Hi, I would be interested to know the machine config, and if it exists, any analysis of the halter found by the bbchallenge project which takes 23,554,764 steps.
The number of steps is reasonably close to half the step count of Marxen and Buntrock’s record-holder and I would like to know whether this machine is a variant on theirs using the same Collatz transformation, or if this is simply a coincidence.
Shawn’s program gives the below final config, step count, and nonzero tape symbol count. Unsure if there are deeper analyses out there.
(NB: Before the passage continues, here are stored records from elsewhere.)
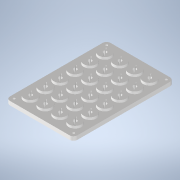
# Autodesk Inventor part: Omniscope_Base_v0
Saved by Autodesk Inventor 2022 (Build 260153000, 153)
## iProperties
Created: 2022-05-25
Part Number: Omniscope_Base_v0
Material: Generisch
Document SubType Name: Modeling
Designer: diederichbenedict
Density: 1 g/cm^3
Appearance: Vorgabe
Author: diederichbenedict
Autodesk Inventor part; units mm, degrees
ref_plane "YZ Plane" through (0, 0, 0) normal (1, 0, 0) x (0, 1, 0)
ref_plane "XZ Plane" through (0, 0, 0) normal (0, 1, 0) x (-1, 0, 0)
ref_plane "XY Plane" through (0, 0, 0) normal (0, 0, 1) x (1, 0, 0)
sketch "Skizze1" plane through (0, 0, 0) normal (0, 1, 0) x (-1, 0, 0)
  line L0 (-42.75, -63.75) -> (42.75, -63.75)
  line L1 (42.75, -63.75) -> (42.75, 63.75)
  line L2 (42.75, 63.75) -> (-42.75, 63.75)
  line L3 (-42.75, 63.75) -> (-42.75, -63.75)
  line L4 (-42.75, -63.75) -> (42.75, 63.75) construction
  line L5 (42.75, -63.75) -> (-42.75, 63.75) construction
  point P0 (0, 0)
  dimension "d0" = 85.5
  dimension "d1" = 127.5
  constraints: 12 end point, 2 midpoint, 2 parallel, 1 horizontal, 1 perpendicular
  measures "d0" distance of L2.end L1.end
  measures "d1" distance of L1.end L0.end
extrude "Extrusion1" add sketch "Skizze1" along normal blind 5
sketch "Skizze2" plane through (0, 5, 0) normal (0, 1, 0) x (1, 0, 0)
  line L0 (-42.75, 63.75) -> (-42.75, -63.75) projected
  line L1 (-42.75, -63.75) -> (42.75, -63.75) projected
  line L2 (42.75, -63.75) -> (42.75, 63.75) projected
  line L3 (42.75, 63.75) -> (-42.75, 63.75) projected
  circle A0 centre (-28.35, -47.25) radius 8
  line L4 (-21.85, -47.675) -> (-34.85, -47.675)
  line L5 (-34.85, -47.675) -> (-34.85, -46.825)
  line L6 (-34.85, -46.825) -> (-21.85, -46.825)
  line L7 (-21.85, -46.825) -> (-21.85, -47.675)
  line L8 (-21.85, -47.675) -> (-34.85, -46.825) construction
  line L9 (-34.85, -47.675) -> (-21.85, -46.825) construction
  point P0 (0, 0)
  dimension "d4" = 16
  dimension "d5" = 16.5
  dimension "d6" = 14.4
  dimension "d15" = 0.85
  dimension "d16" = 13
  constraints: 12 end point, 2 midpoint, 2 parallel, 1 centre point, 1 horizontal, 1 perpendicular
  measures "d4" diameter of A0
  measures "d5" distance from line of A0.centre L1
  measures "d6" distance from line of A0.centre L0
  measures "d15" distance between parallel lines of L6 L4
  measures "d16" horizontal distance of L6.end L4.end
extrude "Extrusion2" add sketch "Skizze2" along normal blind 3 contours A0 | L4 L5 L6 L7
fillet "Rundung1" radius 5 4 edges at (-42.75, 2.5, 63.75) (42.75, 2.5, 63.75) (42.75, 2.5, -63.75) (-42.75, 2.5, -63.75)
sketch "Skizze3" plane through (0, 8, 0) normal (0, 1, 0) x (1, 0, 0)
  circle A0 centre (-28.35, -47.25) radius 8 projected
  circle A1 centre (-28.35, -47.25) radius 8 projected
  arc A2 (-37.75, 63.75) -> (-42.75, 58.75) centre (-37.75, 58.75) ccw projected
  line L0 (-42.75, 58.75) -> (-42.75, -58.75) projected
  arc A3 (-42.75, -58.75) -> (-37.75, -63.75) centre (-37.75, -58.75) ccw projected
  line L1 (-37.75, -63.75) -> (37.75, -63.75) projected
  arc A4 (37.75, -63.75) -> (42.75, -58.75) centre (37.75, -58.75) ccw projected
  line L2 (42.75, -58.75) -> (42.75, 58.75) projected
  arc A5 (42.75, 58.75) -> (37.75, 63.75) centre (37.75, 58.75) ccw projected
  line L3 (37.75, 63.75) -> (-37.75, 63.75) projected
  point P0 (0, 0)
hole "Bohrung1" at (-28.35, 8, 47.25) direction (0, -1, 0) diameter 4.6 end through all
sketch "Skizze4" plane through (-28.35, 8, 47.25) normal (0, 1, 0) x (1, 0, 0)
  circle A0 centre (0, 0) radius 2.3 projected
  circle A1 centre (0, 0) radius 8 projected
  line L0 (6.6, -0.425) -> (-6.6, -0.425)
  line L1 (-6.6, -0.425) -> (-6.6, 0.425)
  line L2 (-6.6, 0.425) -> (6.6, 0.425)
  line L3 (6.6, 0.425) -> (6.6, -0.425)
  arc A2 (2.3, 0) -> (2.3, 0) centre (0, 0) ccw projected
  line L4 (6.6, -0.425) -> (-6.6, 0.425) construction
  line L5 (-6.6, -0.425) -> (6.6, 0.425) construction
  line L6 (3.4375, -5.6502) -> (-4.1337, 5.1626)
  line L7 (-4.1337, 5.1626) -> (-3.4375, 5.6502)
  line L8 (-3.4375, 5.6502) -> (4.1337, -5.1626)
  line L9 (4.1337, -5.1626) -> (3.4375, -5.6502)
  line L10 (3.4375, -5.6502) -> (-3.4375, 5.6502) construction
  line L11 (-4.1337, 5.1626) -> (4.1337, -5.1626) construction
  line L12 (3.4375, -5.6502) -> (16.6375, -5.6502) construction
  point P0 (28.35, 47.25)
  point P1 (-0.2212, -0.425)
  point P2 (0.8164, -0.425)
  point P3 (2.2604, -0.425)
  point P4 (2.2604, 0.425)
  point P5 (0.2212, 0.425)
  point P6 (-0.8164, 0.425)
  point P7 (-2.2604, 0.425)
  point P8 (-2.2604, -0.425)
  dimension "d25" = 13.2
  dimension "d26" = 0.85
  dimension "d35" = 13.2
  dimension "d36" = 125
  dimension "d37" = 0.85
  constraints: 26 end point, 4 midpoint, 4 parallel, 2 horizontal, 2 perpendicular, 1 equal length
  measures "d25" distance of L1.end L2.end
  measures "d26" distance of L0.end L1.end
  measures "d35" distance of L6.start L6.end
  measures "d36" angle of L12 L6
  measures "d37" distance of L6.end L7.end
extrude "Extrusion3" cut sketch "Skizze4" against normal blind 6 contours A0 L0 L8 L2 | L8 L2 L6 A0 | A0 L6 L7 L8 | L8 L0 L6 L2 | L8 L9 L6 A0 | A0 L6 L0 L8 | L6 L0 A0 L2
pattern_linear "Rechteckige Anordnung2" count 6 spacing 18.9 along (0, 0, -1) count 4 spacing 18.9 along (1, 0, 0) of "Bohrung1", "Extrusion3", "Extrusion2"
sketch "Skizze5" plane through (0, 0, 0) normal (0, -1, 0) x (1, 0, 0)
  circle A0 centre (28.35, -47.25) radius 2.3 projected
  circle A1 centre (28.35, -28.35) radius 2.3 projected
  circle A2 centre (28.35, -9.45) radius 2.3 projected
  circle A3 centre (28.35, 9.45) radius 2.3 projected
  circle A4 centre (28.35, 28.35) radius 2.3 projected
  circle A5 centre (28.35, 47.25) radius 2.3 projected
  circle A6 centre (9.45, -47.25) radius 2.3 projected
  circle A7 centre (9.45, -28.35) radius 2.3 projected
  circle A8 centre (9.45, -9.45) radius 2.3 projected
  circle A9 centre (9.45, 9.45) radius 2.3 projected
  circle A10 centre (9.45, 28.35) radius 2.3 projected
  circle A11 centre (9.45, 47.25) radius 2.3 projected
  circle A12 centre (-9.45, -47.25) radius 2.3 projected
  circle A13 centre (-9.45, -28.35) radius 2.3 projected
  circle A14 centre (-9.45, -9.45) radius 2.3 projected
  circle A15 centre (-9.45, 9.45) radius 2.3 projected
  circle A16 centre (-9.45, 28.35) radius 2.3 projected
  circle A17 centre (-9.45, 47.25) radius 2.3 projected
  circle A18 centre (-28.35, -47.25) radius 2.3 projected
  circle A19 centre (-28.35, -28.35) radius 2.3 projected
  circle A20 centre (-28.35, -9.45) radius 2.3 projected
  circle A21 centre (-28.35, 9.45) radius 2.3 projected
  circle A22 centre (-28.35, 28.35) radius 2.3 projected
  circle A23 centre (-28.35, 47.25) radius 2.3 projected
  arc A24 (-42.75, -58.75) -> (-37.75, -63.75) centre (-37.75, -58.75) ccw projected
  line L0 (37.75, -63.75) -> (-37.75, -63.75) projected
  arc A25 (37.75, -63.75) -> (42.75, -58.75) centre (37.75, -58.75) ccw projected
  line L1 (42.75, 58.75) -> (42.75, -58.75) projected
  arc A26 (42.75, 58.75) -> (37.75, 63.75) centre (37.75, 58.75) ccw projected
  line L2 (-37.75, 63.75) -> (37.75, 63.75) projected
  arc A27 (-37.75, 63.75) -> (-42.75, 58.75) centre (-37.75, 58.75) ccw projected
  line L3 (-42.75, -58.75) -> (-42.75, 58.75) projected
  circle A28 centre (28.35, 47.25) radius 2.3 projected
  arc A29 (29.2984, -45.1546) -> (26.7054, -48.8578) centre (28.35, -47.25) ccw projected
  line L4 (30.65, 47.25) -> (26.05, 47.25)
  line L5 (26.05, 47.25) -> (26.05, -47.25)
  line L6 (26.05, -47.25) -> (30.65, -47.25)
  line L7 (30.65, -47.25) -> (30.65, 47.25)
  circle A30 centre (9.45, 47.25) radius 2.3 projected
  line L8 (11.75, 47.25) -> (7.15, 47.25)
  line L9 (7.15, 47.25) -> (7.15, -47.25)
  line L10 (7.15, -47.25) -> (11.75, -47.25)
  line L11 (11.75, -47.25) -> (11.75, 47.25)
  circle A31 centre (-9.45, 47.25) radius 2.3 projected
  line L12 (-7.15, 47.25) -> (-11.75, 47.25)
  line L13 (-11.75, 47.25) -> (-11.75, -47.25)
  line L14 (-11.75, -47.25) -> (-7.15, -47.25)
  line L15 (-7.15, -47.25) -> (-7.15, 47.25)
  arc A32 (-29.2984, 45.1546) -> (-26.7054, 48.8578) centre (-28.35, 47.25) ccw projected
  line L16 (-26.05, 47.25) -> (-30.65, 47.25)
  line L17 (-30.65, 47.25) -> (-30.65, -47.25)
  line L18 (-30.65, -47.25) -> (-26.05, -47.25)
  line L19 (-26.05, -47.25) -> (-26.05, 47.25)
  line L20 (-42.75, -58.75) -> (-42.75, 58.75) projected
  line L21 (28.35, -44.95) -> (-42.75, -44.95)
  line L22 (-42.75, -44.95) -> (-42.75, -49.55)
  line L23 (-42.75, -49.55) -> (28.35, -49.55)
  line L24 (28.35, -49.55) -> (28.35, -44.95)
  point P0 (0, 0)
  point P1 (26.05, -44.95)
  point P2 (11.75, -44.95)
  point P3 (7.15, -44.95)
  point P4 (-7.15, -44.95)
  point P5 (-11.75, -44.95)
  point P6 (-26.05, -44.95)
  point P7 (-30.65, -44.95)
  constraints: 40 end point, 10 parallel, 7 point on line, 6 horizontal alignment, 5 horizontal, 5 perpendicular, 3 point on circle, 6 other
extrude "Extrusion4" cut sketch "Skizze5" against normal blind 2 contours L6 L24 A0 | A0 L24 L6 | A0 L21 L5 A1 L7 | L23 A6 L11 L21 L5 A0 | A0 L6 L24 | L6 A0 L24 | A1 | A1 L5 A2 L7 | A0 L5 L21 | L23 A12 L15 L21 L9 A6 | A6 L10 | A2 | A2 L5 A3 L7 | L9 L21 A6 | A6 L10 | A6 L21 L11 | L23 A18 L19 L21 L13 A12 | A12 L14 | A3 | A3 L5 A4 L7 | L21 L9 A7 L11 | L13 L21 A12 | A12 L14 | A12 L21 L15 | L23 L3 L21 L17 A18 | A18 L18 | A4 | A4 L5 A5 L7 | A7 | A7 L9 A8 L11 | L21 L13 A13 L15 | L17 L21 A18 | A18 L18 | A18 L21 L19 | A5 L4 | A8 | A8 L9 A9 L11 | A13 | A13 L13 A14 L15 | L21 L17 A19 L19 | A9 | A9 L9 A10 L11 | A14 | A14 L13 A15 L15 | A19 | A19 L17 A20 L19 | A10 | A10 L9 A11 L11 | A15 | A15 L13 A16 L15 | A20 | A20 L17 A21 L19 | A11 L8 | A16 | A16 L13 A17 L15 | A21 | A21 L17 A22 L19 | A17 L12 | A22 | A22 L17 A23 L19 | A23 L16 picked at (27.6056, 47.0665) picked at (8.7056, 47.0665) picked at (-10.1944, 47.0665) picked at (-28.6661, 46.5515)
sketch "Skizze6" plane through (0, 5, 0) normal (0, 1, 0) x (1, 0, 0)
  circle A0 centre (28.35, 47.25) radius 8 projected
  circle A1 centre (28.35, 28.35) radius 8 projected
  circle A2 centre (28.35, 9.45) radius 8 projected
  circle A3 centre (28.35, -9.45) radius 8 projected
  circle A4 centre (28.35, -28.35) radius 8 projected
  circle A5 centre (28.35, -47.25) radius 8 projected
  circle A6 centre (9.45, 47.25) radius 8 projected
  circle A7 centre (9.45, 28.35) radius 8 projected
  circle A8 centre (9.45, 9.45) radius 8 projected
  circle A9 centre (9.45, -9.45) radius 8 projected
  circle A10 centre (9.45, -28.35) radius 8 projected
  circle A11 centre (9.45, -47.25) radius 8 projected
  circle A12 centre (-9.45, 47.25) radius 8 projected
  circle A13 centre (-9.45, 28.35) radius 8 projected
  circle A14 centre (-9.45, 9.45) radius 8 projected
  circle A15 centre (-9.45, -9.45) radius 8 projected
  circle A16 centre (-9.45, -28.35) radius 8 projected
  circle A17 centre (-9.45, -47.25) radius 8 projected
  circle A18 centre (-28.35, 47.25) radius 8 projected
  circle A19 centre (-28.35, 28.35) radius 8 projected
  circle A20 centre (-28.35, 9.45) radius 8 projected
  circle A21 centre (-28.35, -9.45) radius 8 projected
  circle A22 centre (-28.35, -28.35) radius 8 projected
  arc A23 (-37.75, 63.75) -> (-42.75, 58.75) centre (-37.75, 58.75) ccw projected
  line L0 (-42.75, 58.75) -> (-42.75, -58.75) projected
  arc A24 (-42.75, -58.75) -> (-37.75, -63.75) centre (-37.75, -58.75) ccw projected
  line L1 (-37.75, -63.75) -> (37.75, -63.75) projected
  arc A25 (37.75, -63.75) -> (42.75, -58.75) centre (37.75, -58.75) ccw projected
  line L2 (42.75, -58.75) -> (42.75, 58.75) projected
  arc A26 (42.75, 58.75) -> (37.75, 63.75) centre (37.75, 58.75) ccw projected
  line L3 (37.75, 63.75) -> (-37.75, 63.75) projected
  circle A27 centre (-28.35, -47.25) radius 8 projected
  point P0 (0, 0)
hole "Bohrung2" at (-37.75, 5, 58.75) at (37.75, 5, 58.75) at (-37.75, 5, -58.75) at (37.75, 5, -58.75) direction (0, -1, 0) diameter 2.8 end through all

[justinb@husk busy-beaver]$ pypy3 Code/Quick_Sim.py <(echo 1RB0LD_1LC1RD_1LA1LC_1RZ1RE_1RA0RB)
Transition table:
+-----+-----+
| 0 | 1 |
+---+-----+-----+
| A | 1RB | 0LD |
+---+-----+-----+
| B | 1LC | 1RD |
+---+-----+-----+
| C | 1LA | 1LC |
+---+-----+-----+
| D | 1RZ | 1RE |
+---+-----+-----+
| E | 1RA | 0RB |
+---+-----+-----+
BF: Searching for optimal block size
BF: Least compressed tape at step 5698 : 111011011011011011011011011011011011011011011011011011011011011011011011011011011011011011011011011
BF: Optimal tape compression block size 3 tape size 9
BF: Searching for optimal mult for block size 3
BF: * 1 188.09809488718872
BF: * 2 96.004911733264
BF: * 3 66.14871295496721
BF: Block Finder finished
best_block_size: 3
elapsed_time_us: 3181870
least_compressed_loop: 4333
least_compressed_tape_size_chain: 68
least_compressed_tape_size_raw: 99
best_compression_block_size: 3
best_compression_tape_size: 9
best_mult: 1
best_chain_factor: 188.0981
Steps: Times Applied:
Total: 0
Macro: 0
Chain: 0
Rule: 0
Rules proven: 0
Failed proofs: 0
Prover num past configs: 0
Tape copies: 0
Elapsed time: 0.0014963150024414062
000^inf (000) A> 000^inf
Num Nonzeros: 0
Steps: Times Applied:
Total: 10^7.4 415
Macro: 10^3.3 254
Chain: 10^5.2 152
Rule: 10^7.4 9
Rules proven: 3
Failed proofs: 6
Prover num past configs: 14
Tape copies: 47
Elapsed time: 0.6076445579528809
000^inf 001^1 110^2047 (110) Z> 000^inf
Num Nonzeros: 10^3.6 4097
Turing Machine Halted
Steps: 23554764
Nonzeros: 4097
Thank you so much for this.
Looks like it is also based on a Collatz transform 3k + a → 5k + c with 1 in 3 of the residues modulo 3 leading to halting. However, superficially it looks like it’s not the same transformation.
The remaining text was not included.